Poetry / Hannah Sanghee Park
:: Wall ::
You must believe me | it means I made | this to tell you |
I will keep you out | I will keep you | out of sheer will |
I will it to stand. | Decision of division. | The widow couldn’t |
stand the scholar, his | need to possess his | possessing need. |
There is no thing that | will keep you out I | will lift up stone will |
join it fast with mud | I will build of you | what is wished, and when |
it stands my Lord will | it stand? It will stand | and when I cannot |
bear it further | then it will be known | you will never ask |
of me my hand you | will leave you will | never come back. |
Out of mercy the king | killed his son, who was | mad. Who was made |
to rule who could not | love his father more | who could not love his |
subjects. This is the | need of desire: nothing | more than to consume. |
And when nothing more | is left to consume | the king was at his wit’s |
end the prince at his end | Out of mercy the king | killed his son, who was |
dragged, struggling out | into the courtyard | no will to forgive. |
It was July. Sun | messy over the ground | put into a rice chest |
to be buried alive | or boiled alive. In eight | days he at last died |
his body later moved | in the stone to soon | be a fortress. |
I have built of you a wall | I will keep you | out of mercy.
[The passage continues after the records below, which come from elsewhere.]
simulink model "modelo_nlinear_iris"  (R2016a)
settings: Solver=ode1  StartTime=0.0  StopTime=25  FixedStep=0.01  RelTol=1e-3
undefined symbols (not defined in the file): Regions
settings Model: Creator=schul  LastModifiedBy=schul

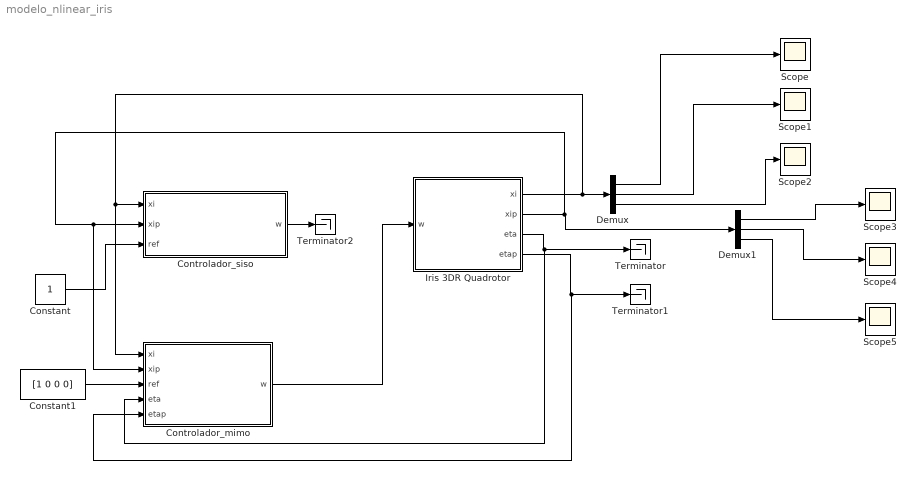
== system modelo_nlinear_iris ==
  Constant : Constant
  Constant1 : Constant  Value=[1 0 0 0]
  Controlador_mimo : Subsystem  mask{g=9.81, m=1.37, KT=15.67e-6, KD=2.551e-7, lx=0.13, ly=0.21, Ir=2.5206e-10, Ixx=0.0219, Iyy=0.0109, Izz=0.0306, Ax=0.25, Ay=0.25, Az=0.25}
  Controlador_siso : Subsystem  mask{g=9.81, m=1.37, KT=15.67e-6, KD=2.551e-7, lx=0.13, ly=0.21, Ir=2.5206e-10, Ixx=0.0219, Iyy=0.0109, Izz=0.0306, Ax=0.25, Ay=0.25, Az=0.25, Regions=Regions}
  Demux : Demux  Outputs=3
  Demux1 : Demux  Outputs=3
  Iris 3DR Quadrotor : Subsystem  mask{g=9.81, m=1.37, KT=15.67e-6, KD=2.551e-7, lx=0.13, ly=0.21, Ir=2.5206e-10, Ixx=0.0219, Iyy=0.0109, Izz=0.0306, Ax=0.25, Ay=0.25, Az=0.25}
  Scope{,1..5} (6 alike) : Scope
  Terminator : Terminator
  Terminator1 : Terminator
  Terminator2 : Terminator
  wires:
  Demux/1 -> Scope/1
  Demux/2 -> Scope1/1
  Demux/3 -> Scope2/1
  Demux1/1 -> Scope3/1
  Demux1/2 -> Scope4/1
  Demux1/3 -> Scope5/1
  Iris 3DR Quadrotor/1(xi) -> Controlador_mimo/1(xi), Controlador_siso/1(xi), Demux/1
  Iris 3DR Quadrotor/2(xip) -> Controlador_mimo/2(xip), Controlador_siso/2(xip), Demux1/1
  Constant/1 -> Controlador_siso/3(ref)
  Constant1/1 -> Controlador_mimo/3(ref)
  Iris 3DR Quadrotor/4(etap) -> Controlador_mimo/5(etap), Terminator1/1
  Iris 3DR Quadrotor/3(eta) -> Controlador_mimo/4(eta), Terminator/1
  Controlador_siso/1(w) -> Terminator2/1
  Controlador_mimo/1(w) -> Iris 3DR Quadrotor/1(w)

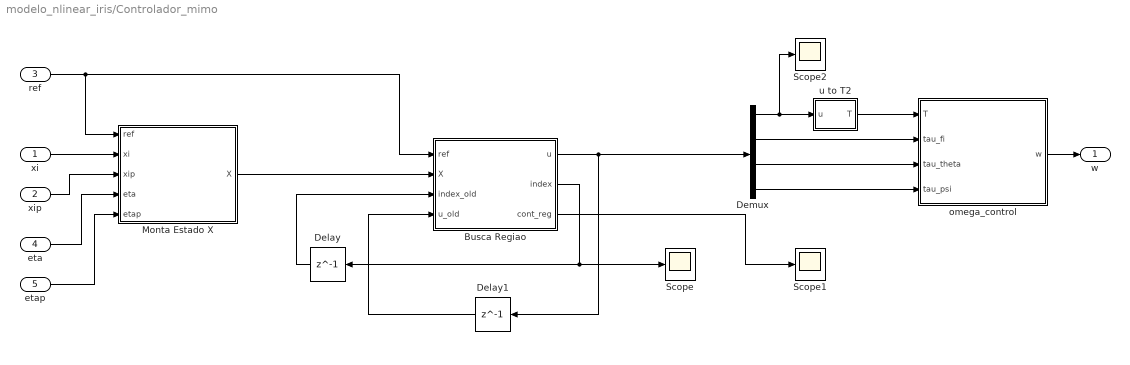
== system modelo_nlinear_iris/Controlador_mimo ==
  xi : Inport
  xip : Inport  Port=2
  ref : Inport  Port=3
  eta : Inport  Port=4
  etap : Inport  Port=5
  Busca Regiao : MATLAB Function  InitFcn=|  TreatAsAtomicUnit=on
      | hue = load('struct_regions.mat');
      | struct_regions = hue.reg_struct;
  Delay : Delay  DelayLength=1  InitialCondition=0
  Delay1 : Delay  DelayLength=1  InitialCondition=[0 0 0 0]'
  Demux : Demux
  Monta Estado X : MATLAB Function  TreatAsAtomicUnit=on
  Scope : Scope
  Scope1 : Scope
  Scope2 : Scope
  omega_control : MATLAB Function  TreatAsAtomicUnit=on
  u to T2 : MATLAB Function  TreatAsAtomicUnit=on
  w : Outport
  wires:
  Busca Regiao/2(index) -> Delay/1, Scope/1
  Delay/1 -> Busca Regiao/3(index_old)
  Delay1/1 -> Busca Regiao/4(u_old)
  omega_control/1(w) -> w/1
  Demux/4 -> omega_control/4(tau_psi)
  Demux/3 -> omega_control/3(tau_theta)
  Demux/2 -> omega_control/2(tau_fi)
  Demux/1 -> Scope2/1, u to T2/1(u)
  u to T2/1(T) -> omega_control/1(T)
  Busca Regiao/1(u) -> Delay1/1, Demux/1
  xi/1 -> Monta Estado X/2(xi)
  xip/1 -> Monta Estado X/3(xip)
  eta/1 -> Monta Estado X/4(eta)
  etap/1 -> Monta Estado X/5(etap)
  ref/1 -> Monta Estado X/1(ref), Busca Regiao/1(ref)
  Monta Estado X/1(X) -> Busca Regiao/2(X)
  Busca Regiao/3(cont_reg) -> Scope1/1

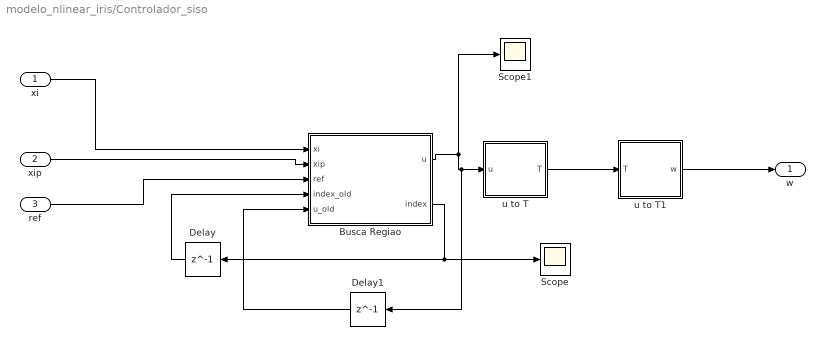
== system modelo_nlinear_iris/Controlador_siso ==
  xi : Inport
  xip : Inport  Port=2
  ref : Inport  Port=3
  Busca Regiao : MATLAB Function  TreatAsAtomicUnit=on
  Delay : Delay  DelayLength=1  InitialCondition=0
  Delay1 : Delay  DelayLength=1  InitialCondition=0
  Scope : Scope
  Scope1 : Scope
  u to T : MATLAB Function  TreatAsAtomicUnit=on
  u to T1 : MATLAB Function  TreatAsAtomicUnit=on
  w : Outport
  wires:
  Busca Regiao/2(index) -> Scope/1, Delay/1
  Delay/1 -> Busca Regiao/4(index_old)
  xi/1 -> Busca Regiao/1(xi)
  u to T1/1(w) -> w/1
  ref/1 -> Busca Regiao/3(ref)
  xip/1 -> Busca Regiao/2(xip)
  u to T/1(T) -> u to T1/1(T)
  Busca Regiao/1(u) -> Delay1/1, u to T/1(u), Scope1/1
  Delay1/1 -> Busca Regiao/5(u_old)

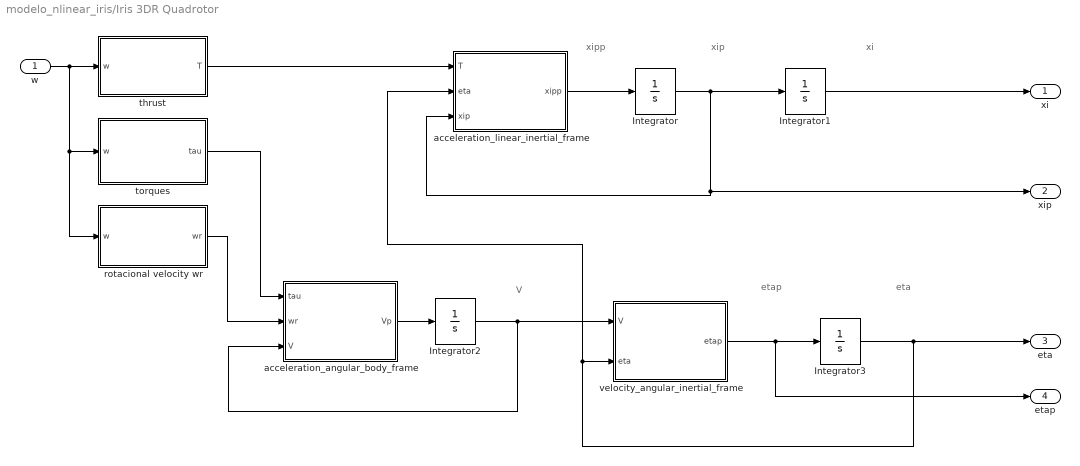
== system modelo_nlinear_iris/Iris 3DR Quadrotor ==
  note: xipp
  note: xip
  note: xi
  note: V
  note: etap
  note: eta
  w : Inport
  Integrator : Integrator  InitialCondition=[0 0 0]
  Integrator1 : Integrator  InitialCondition=[0 0 0]
  Integrator2 : Integrator  InitialCondition=[0 0 0]
  Integrator3 : Integrator  InitialCondition=[0 0 0 ]
  acceleration_angular_body_frame : MATLAB Function  TreatAsAtomicUnit=on
  acceleration_linear_inertial_frame : MATLAB Function  TreatAsAtomicUnit=on
  rotacional velocity wr : MATLAB Function  TreatAsAtomicUnit=on
  thrust : MATLAB Function  TreatAsAtomicUnit=on
  torques : MATLAB Function  TreatAsAtomicUnit=on
  velocity_angular_inertial_frame : MATLAB Function  TreatAsAtomicUnit=on
  xi : Outport
  xip : Outport  Port=2
  eta : Outport  Port=3
  etap : Outport  Port=4
  wires:
  w/1 -> rotacional velocity wr/1(w), torques/1(w), thrust/1(w)
  acceleration_angular_body_frame/1(Vp) -> Integrator2/1
  Integrator2/1 -> velocity_angular_inertial_frame/1(V), acceleration_angular_body_frame/3(V)
  rotacional velocity wr/1(wr) -> acceleration_angular_body_frame/2(wr)
  torques/1(tau) -> acceleration_angular_body_frame/1(tau)
  velocity_angular_inertial_frame/1(etap) -> etap/1, Integrator3/1
  acceleration_linear_inertial_frame/1(xipp) -> Integrator/1
  Integrator/1 -> acceleration_linear_inertial_frame/3(xip), xip/1, Integrator1/1
  Integrator3/1 -> eta/1, acceleration_linear_inertial_frame/2(eta), velocity_angular_inertial_frame/2(eta)
  thrust/1(T) -> acceleration_linear_inertial_frame/1(T)
  Integrator1/1 -> xi/1

== matlab function modelo_nlinear_iris/Iris 3DR Quadrotor/velocity_angular_inertial_frame ==
  data: V input; eta input; etap output double size=3
function etap = fcn(V, eta)
%Angular velocity at inertial frame
etap = [V(1) + V(2)*sin(eta(1))*tan(eta(2)) + V(3)*cos(eta(1))*tan(eta(2));
        V(2)*cos(eta(1)) - V(3)*sin(eta(1));
        V(2)*sin(eta(1))/cos(eta(2)) + V(3)*cos(eta(1))/cos(eta(2))];
    
% etap(1) = V(1) + V(2)*sin(eta(1))*tan(eta(2)) + V(3)*cos(eta(1))*tan(eta(2));
% etap(2) = V(2)*cos(eta(1)) - V(3)*sin(eta(1));
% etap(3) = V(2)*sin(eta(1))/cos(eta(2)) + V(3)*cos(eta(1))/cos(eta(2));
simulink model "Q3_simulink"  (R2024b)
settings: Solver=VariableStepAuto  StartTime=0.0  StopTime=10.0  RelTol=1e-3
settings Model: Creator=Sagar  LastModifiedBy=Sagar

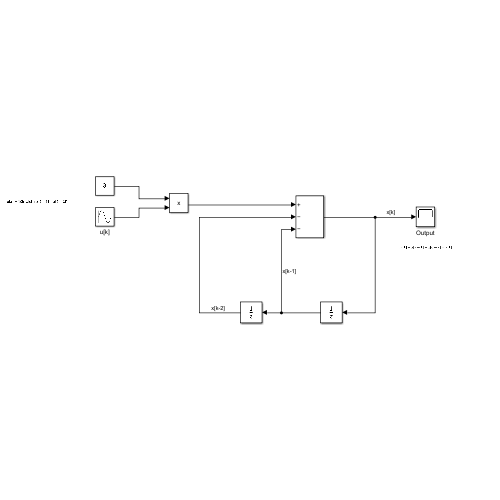
[thumbnail: Simulink's stored preview of the top-level diagram]
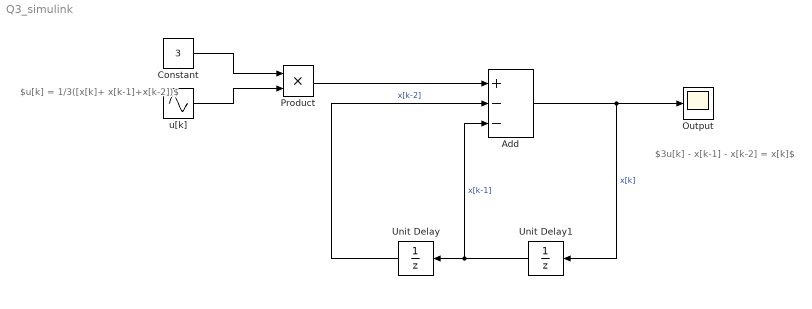
== system Q3_simulink ==
  note: $u[k] = 1/3([x[k]+ x[k-1]+x[k-2])$
  note: $3u[k] - x[k-1] - x[k-2] = x[k]$
  Add : Sum  Inputs=+--
  Constant : Constant  Value=3
  Output : Scope
  Product : Product
  Unit Delay : UnitDelay  SampleTime=-1  HasFrameUpgradeWarning=on
  Unit Delay1 : UnitDelay  SampleTime=-1  HasFrameUpgradeWarning=on
  u[k] : Sin  SampleTime=0
  wires:
  u[k]/1 -> Product/2
  Unit Delay1/1 -> Add/3, Unit Delay/1  "x[k-1]"
  Unit Delay/1 -> Add/2  "x[k-2]"
  Add/1 -> Output/1, Unit Delay1/1  "x[k]"
  Constant/1 -> Product/1
  Product/1 -> Add/1
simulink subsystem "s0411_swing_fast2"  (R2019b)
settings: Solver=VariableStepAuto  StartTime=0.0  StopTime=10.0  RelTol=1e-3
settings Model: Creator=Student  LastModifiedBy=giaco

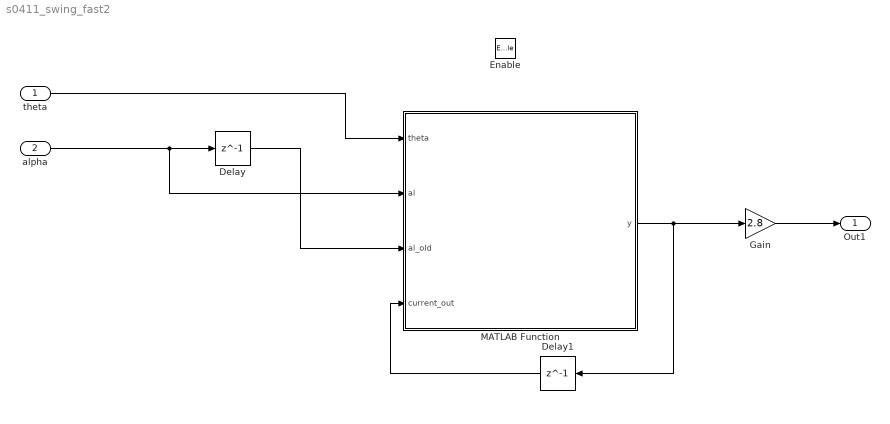
== system s0411_swing_fast2 ==
  theta : Inport
  alpha : Inport  Port=2
  Enable : EnablePort  StatesWhenEnabling=reset
  Delay : Delay  DelayLength=1  InitialCondition=0
  Delay1 : Delay  DelayLength=1  InitialCondition=1
  Gain : Gain  Gain=2.8
  MATLAB Function : MATLAB Function  TreatAsAtomicUnit=on
  Out1 : Outport
  wires:
  MATLAB Function/1(y) -> Gain/1, Delay1/1
  theta/1 -> MATLAB Function/1(theta)
  alpha/1 -> MATLAB Function/2(al), Delay/1
  Delay/1 -> MATLAB Function/3(al_old)
  Gain/1 -> Out1/1
  Delay1/1 -> MATLAB Function/4(current_out)

== matlab function s0411_swing_fast2/MATLAB Function ==
  data: theta input; y output; al input; al_old input; current_out input
function y = fcn(theta, al, al_old, current_out)

if al < al_old && current_out == 1
    
    signum = -1;
    
elseif al > al_old && current_out == -1
    
    signum = 1;
    
else
    signum = current_out;
    
end
    
if theta > pi/3 && signum == 1
    
    signum = -1;
    
elseif theta < -pi/3 && signum == -1
    
    signum = 1;
    
end

y = signum;

The king |
is left to consume | of me my hand you | who could not love his |
need of desire: nothing, | there is no thing that | I will build of you. |
It stands, my Lord | no will to forgive. | It means I made |
need to possess his | life in my hands | and when I cannot |
bear it further | mud on a skirt marrying | me to the rock |
and when nothing more | will lift up stone will | never come back |
into the sea I will go | messy over the ground | I will keep you out |
Father of stone and stone | you will never ask what | is wished, and when |
and when I cannot | bear it further | Father I will |
never come back | but you must believe me | in: I did this for you. |
:: Excerpt from Elegy ::
How horribly human
how insensate divine
The life left
when the body bided its time
Summer of savagery
Your god was divine
Sun god above
The word was divine
Torturous men
made torturous rooms
Man is a monster
His heart was divine
You couldn't decode it.
The coda's defined
So go and
divine me
divide id
from mind
Whittle at
what little
providence
divined
Now speak to me of rot.
Now tell me what ruptured in
someone who was loved
and anything divine.
From the writer
:: Account ::
These poems deal with loss—where the loss for words eventually becomes words, and perhaps from there it lessens.
Hannah Sanghee Park is the author of The Same-Different (LSU Press).